Saturday, July 16, 2005

peak oil - the big flip

Oil has peaked just about everywhere. Quick - on to the consequences.

Liquefied gas fills gap left by North Sea decline
THE first cargo of liquefied natural gas (LNG) arrives in the Thames Estuary this morning and will be the start of many shipments of gas from Algeria that will help to replace Britain’s declining North Sea gas reserves.
The Berge Arzew, a third of a kilometre long, will moor at the Isle of Grain, Kent, and begin to pump 138,000 cubic metres of LNG into National Grid Transco’s new LNG terminal.

Better yet, Britain snuck this load out from under the United States. Read the article: Volatility to follow. Oh yeah? So the North Sea peaks. Britain now needs to import energy, and the powers that be aren't making any more oil on timescales that matter to humans.

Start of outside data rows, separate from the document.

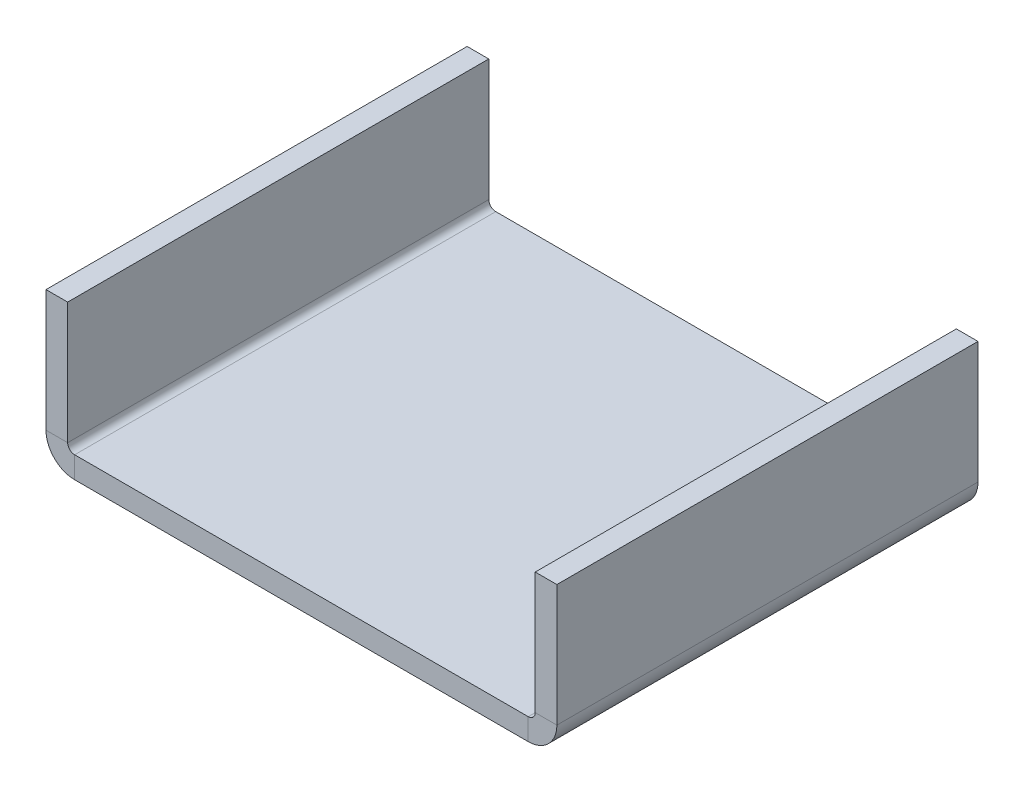
ISO-10303-21;
HEADER;
FILE_DESCRIPTION(('STEP AP214'),'2;1');
FILE_NAME('part.step','',(''),(''),'','','');
FILE_SCHEMA(('AUTOMOTIVE_DESIGN { 1 0 10303 214 1 1 1 1 }'));
ENDSEC;
DATA;
#1=APPLICATION_CONTEXT('core data for automotive mechanical design processes');
#2=APPLICATION_PROTOCOL_DEFINITION('international standard','automotive_design',2000,#1);
#3=PRODUCT_CONTEXT('',#1,'mechanical');
#4=PRODUCT('Part','Part','',(#3));
#5=PRODUCT_RELATED_PRODUCT_CATEGORY('part','',(#4));
#6=PRODUCT_DEFINITION_FORMATION('','',#4);
#7=PRODUCT_DEFINITION_CONTEXT('part definition',#1,'design');
#8=PRODUCT_DEFINITION('design','',#6,#7);
#9=PRODUCT_DEFINITION_SHAPE('','',#8);
#10=(LENGTH_UNIT() NAMED_UNIT(*) SI_UNIT(.MILLI.,.METRE.));
#11=(NAMED_UNIT(*) PLANE_ANGLE_UNIT() SI_UNIT($,.RADIAN.));
#12=(NAMED_UNIT(*) SI_UNIT($,.STERADIAN.) SOLID_ANGLE_UNIT());
#13=UNCERTAINTY_MEASURE_WITH_UNIT(LENGTH_MEASURE(1.E-05),#10,'distance_accuracy_value','');
#14=(GEOMETRIC_REPRESENTATION_CONTEXT(3) GLOBAL_UNCERTAINTY_ASSIGNED_CONTEXT((#13)) GLOBAL_UNIT_ASSIGNED_CONTEXT((#10,
#11,#12)) REPRESENTATION_CONTEXT('',''));
#15=CARTESIAN_POINT('',(0.,0.,0.));
#16=DIRECTION('',(0.,0.,1.));
#17=DIRECTION('',(1.,0.,0.));
#18=AXIS2_PLACEMENT_3D('',#15,#16,#17);
#19=CARTESIAN_POINT('',(0.,-2.286,0.));
#20=DIRECTION('',(0.,-1.,0.));
#21=DIRECTION('',(0.,0.,-1.));
#22=AXIS2_PLACEMENT_3D('',#19,#20,#21);
#23=PLANE('',#22);
#24=DIRECTION('',(-1.,0.,0.));
#25=VECTOR('',#24,1.);
#26=CARTESIAN_POINT('',(-26.9621,-2.286,-22.225));
#27=LINE('',#26,#25);
#28=CARTESIAN_POINT('',(23.9395,-2.286,-22.225));
#29=VERTEX_POINT('',#28);
#30=CARTESIAN_POINT('',(-23.9395,-2.286,-22.225));
#31=VERTEX_POINT('',#30);
#32=EDGE_CURVE('E90',#29,#31,#27,.T.);
#33=ORIENTED_EDGE('',*,*,#32,.F.);
#34=DIRECTION('',(0.,0.,-1.));
#35=VECTOR('',#34,1.);
#36=CARTESIAN_POINT('',(23.9395,-2.286,-22.225));
#37=LINE('',#36,#35);
#38=CARTESIAN_POINT('',(23.9395,-2.286,22.225));
#39=VERTEX_POINT('',#38);
#40=EDGE_CURVE('E213',#29,#39,#37,.F.);
#41=ORIENTED_EDGE('',*,*,#40,.T.);
#42=DIRECTION('',(1.,0.,0.));
#43=VECTOR('',#42,1.);
#44=CARTESIAN_POINT('',(-26.9621,-2.286,22.225));
#45=LINE('',#44,#43);
#46=CARTESIAN_POINT('',(-23.9395,-2.286,22.225));
#47=VERTEX_POINT('',#46);
#48=EDGE_CURVE('E13',#47,#39,#45,.T.);
#49=ORIENTED_EDGE('',*,*,#48,.F.);
#50=DIRECTION('',(0.,0.,1.));
#51=VECTOR('',#50,1.);
#52=CARTESIAN_POINT('',(-23.9395,-2.286,22.225));
#53=LINE('',#52,#51);
#54=EDGE_CURVE('E264',#47,#31,#53,.F.);
#55=ORIENTED_EDGE('',*,*,#54,.T.);
#56=EDGE_LOOP('',(#33,#41,#49,#55));
#57=FACE_BOUND('',#56,.T.);
#58=ADVANCED_FACE('F81',(#57),#23,.T.);
#59=CARTESIAN_POINT('',(0.,0.,0.));
#60=DIRECTION('',(0.,-1.,0.));
#61=DIRECTION('',(0.,0.,-1.));
#62=AXIS2_PLACEMENT_3D('',#59,#60,#61);
#63=PLANE('',#62);
#64=DIRECTION('',(0.,0.,-1.));
#65=VECTOR('',#64,1.);
#66=CARTESIAN_POINT('',(23.9395,0.,-22.225));
#67=LINE('',#66,#65);
#68=CARTESIAN_POINT('',(23.9395,0.,-22.225));
#69=VERTEX_POINT('',#68);
#70=CARTESIAN_POINT('',(23.9395,0.,22.225));
#71=VERTEX_POINT('',#70);
#72=EDGE_CURVE('E224',#69,#71,#67,.F.);
#73=ORIENTED_EDGE('',*,*,#72,.F.);
#74=DIRECTION('',(-1.,0.,0.));
#75=VECTOR('',#74,1.);
#76=CARTESIAN_POINT('',(-26.9621,0.,-22.225));
#77=LINE('',#76,#75);
#78=CARTESIAN_POINT('',(-23.9395,0.,-22.225));
#79=VERTEX_POINT('',#78);
#80=EDGE_CURVE('E281',#69,#79,#77,.T.);
#81=ORIENTED_EDGE('',*,*,#80,.T.);
#82=DIRECTION('',(0.,0.,1.));
#83=VECTOR('',#82,1.);
#84=CARTESIAN_POINT('',(-23.9395,0.,22.225));
#85=LINE('',#84,#83);
#86=CARTESIAN_POINT('',(-23.9395,0.,22.225));
#87=VERTEX_POINT('',#86);
#88=EDGE_CURVE('E275',#87,#79,#85,.F.);
#89=ORIENTED_EDGE('',*,*,#88,.F.);
#90=DIRECTION('',(1.,0.,0.));
#91=VECTOR('',#90,1.);
#92=CARTESIAN_POINT('',(-26.9621,0.,22.225));
#93=LINE('',#92,#91);
#94=EDGE_CURVE('E85',#87,#71,#93,.T.);
#95=ORIENTED_EDGE('',*,*,#94,.T.);
#96=EDGE_LOOP('',(#73,#81,#89,#95));
#97=FACE_BOUND('',#96,.T.);
#98=ADVANCED_FACE('F293',(#97),#63,.F.);
#99=CARTESIAN_POINT('',(-26.9621,-2.286,-22.225));
#100=DIRECTION('',(0.,0.,-1.));
#101=DIRECTION('',(-1.,0.,0.));
#102=AXIS2_PLACEMENT_3D('',#99,#100,#101);
#103=PLANE('',#102);
#104=ORIENTED_EDGE('',*,*,#80,.F.);
#105=DIRECTION('',(0.,-1.,0.));
#106=VECTOR('',#105,1.);
#107=CARTESIAN_POINT('',(23.9395,0.,-22.225));
#108=LINE('',#107,#106);
#109=EDGE_CURVE('E218',#69,#29,#108,.T.);
#110=ORIENTED_EDGE('',*,*,#109,.T.);
#111=ORIENTED_EDGE('',*,*,#32,.T.);
#112=DIRECTION('',(0.,-1.,0.));
#113=VECTOR('',#112,1.);
#114=CARTESIAN_POINT('',(-23.9395,0.,-22.225));
#115=LINE('',#114,#113);
#116=EDGE_CURVE('E279',#79,#31,#115,.T.);
#117=ORIENTED_EDGE('',*,*,#116,.F.);
#118=EDGE_LOOP('',(#104,#110,#111,#117));
#119=FACE_BOUND('',#118,.T.);
#120=ADVANCED_FACE('F83',(#119),#103,.T.);
#121=CARTESIAN_POINT('',(-26.9621,-2.286,22.225));
#122=DIRECTION('',(0.,0.,1.));
#123=DIRECTION('',(1.,0.,0.));
#124=AXIS2_PLACEMENT_3D('',#121,#122,#123);
#125=PLANE('',#124);
#126=DIRECTION('',(0.,-1.,0.));
#127=VECTOR('',#126,1.);
#128=CARTESIAN_POINT('',(23.9395,0.,22.225));
#129=LINE('',#128,#127);
#130=EDGE_CURVE('E229',#71,#39,#129,.T.);
#131=ORIENTED_EDGE('',*,*,#130,.F.);
#132=ORIENTED_EDGE('',*,*,#94,.F.);
#133=DIRECTION('',(0.,-1.,0.));
#134=VECTOR('',#133,1.);
#135=CARTESIAN_POINT('',(-23.9395,0.,22.225));
#136=LINE('',#135,#134);
#137=EDGE_CURVE('E269',#87,#47,#136,.T.);
#138=ORIENTED_EDGE('',*,*,#137,.T.);
#139=ORIENTED_EDGE('',*,*,#48,.T.);
#140=EDGE_LOOP('',(#131,#132,#138,#139));
#141=FACE_BOUND('',#140,.T.);
#142=ADVANCED_FACE('F296',(#141),#125,.T.);
#143=CARTESIAN_POINT('',(-23.9395,0.7366,-22.225));
#144=DIRECTION('',(0.,0.,-1.));
#145=DIRECTION('',(-1.,0.,0.));
#146=AXIS2_PLACEMENT_3D('',#143,#144,#145);
#147=PLANE('',#146);
#148=DIRECTION('',(1.,0.,0.));
#149=VECTOR('',#148,1.);
#150=CARTESIAN_POINT('',(-26.9621,0.736599999999989,-22.225));
#151=LINE('',#150,#149);
#152=CARTESIAN_POINT('',(-24.6761,0.736599999999997,-22.225));
#153=VERTEX_POINT('',#152);
#154=CARTESIAN_POINT('',(-26.9621,0.736599999999989,-22.225));
#155=VERTEX_POINT('',#154);
#156=EDGE_CURVE('E231',#153,#155,#151,.F.);
#157=ORIENTED_EDGE('',*,*,#156,.F.);
#158=CARTESIAN_POINT('',(-23.9395,0.7366,-22.225));
#159=DIRECTION('',(0.,0.,1.));
#160=DIRECTION('',(1.,0.,0.));
#161=AXIS2_PLACEMENT_3D('',#158,#159,#160);
#162=CIRCLE('',#161,0.7366);
#163=EDGE_CURVE('E272',#79,#153,#162,.F.);
#164=ORIENTED_EDGE('',*,*,#163,.F.);
#165=ORIENTED_EDGE('',*,*,#116,.T.);
#166=CARTESIAN_POINT('',(-23.9395,0.7366,-22.225));
#167=DIRECTION('',(0.,0.,1.));
#168=DIRECTION('',(1.,0.,0.));
#169=AXIS2_PLACEMENT_3D('',#166,#167,#168);
#170=CIRCLE('',#169,3.0226);
#171=EDGE_CURVE('E98',#31,#155,#170,.F.);
#172=ORIENTED_EDGE('',*,*,#171,.T.);
#173=EDGE_LOOP('',(#157,#164,#165,#172));
#174=FACE_BOUND('',#173,.T.);
#175=ADVANCED_FACE('F311',(#174),#147,.T.);
#176=CARTESIAN_POINT('',(-23.9395,0.7366,22.225));
#177=DIRECTION('',(0.,0.,-1.));
#178=DIRECTION('',(-1.,0.,0.));
#179=AXIS2_PLACEMENT_3D('',#176,#177,#178);
#180=PLANE('',#179);
#181=CARTESIAN_POINT('',(-23.9395,0.7366,22.225));
#182=DIRECTION('',(0.,0.,1.));
#183=DIRECTION('',(1.,0.,0.));
#184=AXIS2_PLACEMENT_3D('',#181,#182,#183);
#185=CIRCLE('',#184,0.7366);
#186=CARTESIAN_POINT('',(-24.6761,0.736599999999997,22.225));
#187=VERTEX_POINT('',#186);
#188=EDGE_CURVE('E237',#187,#87,#185,.T.);
#189=ORIENTED_EDGE('',*,*,#188,.F.);
#190=DIRECTION('',(1.,0.,0.));
#191=VECTOR('',#190,1.);
#192=CARTESIAN_POINT('',(-24.6761,0.736599999999997,22.225));
#193=LINE('',#192,#191);
#194=CARTESIAN_POINT('',(-26.9621,0.736599999999989,22.225));
#195=VERTEX_POINT('',#194);
#196=EDGE_CURVE('E257',#187,#195,#193,.F.);
#197=ORIENTED_EDGE('',*,*,#196,.T.);
#198=CARTESIAN_POINT('',(-23.9395,0.7366,22.225));
#199=DIRECTION('',(0.,0.,1.));
#200=DIRECTION('',(1.,0.,0.));
#201=AXIS2_PLACEMENT_3D('',#198,#199,#200);
#202=CIRCLE('',#201,3.0226);
#203=EDGE_CURVE('E267',#195,#47,#202,.T.);
#204=ORIENTED_EDGE('',*,*,#203,.T.);
#205=ORIENTED_EDGE('',*,*,#137,.F.);
#206=EDGE_LOOP('',(#189,#197,#204,#205));
#207=FACE_BOUND('',#206,.T.);
#208=ADVANCED_FACE('F335',(#207),#180,.F.);
#209=CARTESIAN_POINT('',(-23.9395,0.7366,22.225));
#210=DIRECTION('',(0.,0.,1.));
#211=DIRECTION('',(-1.,0.,0.));
#212=AXIS2_PLACEMENT_3D('',#209,#210,#211);
#213=CYLINDRICAL_SURFACE('',#212,3.0226);
#214=ORIENTED_EDGE('',*,*,#54,.F.);
#215=ORIENTED_EDGE('',*,*,#203,.F.);
#216=DIRECTION('',(0.,0.,1.));
#217=VECTOR('',#216,1.);
#218=CARTESIAN_POINT('',(-26.9621,0.736599999999989,-22.225));
#219=LINE('',#218,#217);
#220=EDGE_CURVE('E255',#195,#155,#219,.F.);
#221=ORIENTED_EDGE('',*,*,#220,.T.);
#222=ORIENTED_EDGE('',*,*,#171,.F.);
#223=EDGE_LOOP('',(#214,#215,#221,#222));
#224=FACE_BOUND('',#223,.T.);
#225=ADVANCED_FACE('F338',(#224),#213,.T.);
#226=CARTESIAN_POINT('',(-23.9395,0.7366,22.225));
#227=DIRECTION('',(0.,0.,1.));
#228=DIRECTION('',(-1.,0.,0.));
#229=AXIS2_PLACEMENT_3D('',#226,#227,#228);
#230=CYLINDRICAL_SURFACE('',#229,0.7366);
#231=ORIENTED_EDGE('',*,*,#88,.T.);
#232=ORIENTED_EDGE('',*,*,#163,.T.);
#233=DIRECTION('',(0.,0.,1.));
#234=VECTOR('',#233,1.);
#235=CARTESIAN_POINT('',(-24.6761,0.736599999999997,-22.225));
#236=LINE('',#235,#234);
#237=EDGE_CURVE('E260',#153,#187,#236,.T.);
#238=ORIENTED_EDGE('',*,*,#237,.T.);
#239=ORIENTED_EDGE('',*,*,#188,.T.);
#240=EDGE_LOOP('',(#231,#232,#238,#239));
#241=FACE_BOUND('',#240,.T.);
#242=ADVANCED_FACE('F314',(#241),#230,.F.);
#243=CARTESIAN_POINT('',(-26.9621000000001,13.589,22.225));
#244=DIRECTION('',(0.,0.,-1.));
#245=DIRECTION('',(0.,1.,0.));
#246=AXIS2_PLACEMENT_3D('',#243,#244,#245);
#247=PLANE('',#246);
#248=ORIENTED_EDGE('',*,*,#196,.F.);
#249=DIRECTION('',(0.,-1.,0.));
#250=VECTOR('',#249,1.);
#251=CARTESIAN_POINT('',(-24.6761000000001,13.589,22.225));
#252=LINE('',#251,#250);
#253=CARTESIAN_POINT('',(-24.6761000000001,13.589,22.225));
#254=VERTEX_POINT('',#253);
#255=EDGE_CURVE('E253',#187,#254,#252,.F.);
#256=ORIENTED_EDGE('',*,*,#255,.T.);
#257=DIRECTION('',(1.,0.,0.));
#258=VECTOR('',#257,1.);
#259=CARTESIAN_POINT('',(-26.9621000000001,13.589,22.225));
#260=LINE('',#259,#258);
#261=CARTESIAN_POINT('',(-26.9621000000001,13.589,22.225));
#262=VERTEX_POINT('',#261);
#263=EDGE_CURVE('E234',#262,#254,#260,.T.);
#264=ORIENTED_EDGE('',*,*,#263,.F.);
#265=DIRECTION('',(0.,1.,0.));
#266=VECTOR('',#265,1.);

It will be interesting to see how many natural gas ports at dollars a million by 500 plus can be built, and whether after having completed said ports, they'll even have ships docking at them. Algeria, the source for the gas in the article above, had a big blowup at an LNG gassification facility over a year ago. LNG trade should prove the most disruptable in a volatile world.

But maybe we should do LNG to save the oceans:

Warmer oceans may be killing West Coast marine life
Coastal ocean temperatures are 2 to 5 degrees above normal, apparently caused by a lack of upwelling — a process that brings cold, nutrient-rich water to the surface and jump-starts the marine food chain. Upwelling fuels algae and shrimplike krill populations that feed small fish, which provide an important food source for a variety of sea life, from salmon to sea birds and marine mammals.

What in the heck could cool down the oceans? How about a LNG De-Gassification terminal, say, 10 miles offshore, sucking in the warm water and spitting out 100 million gallons of ice water a day?

Behold, the future. Attacking dilemmas with problems.

The salmon are in heaven, with a million tiny halos, and they are judging us.

Without salmon around, I expect shrimp to start growing to the size of Enron executives. Look what happened to those stupid rodents when the dinosaurs died.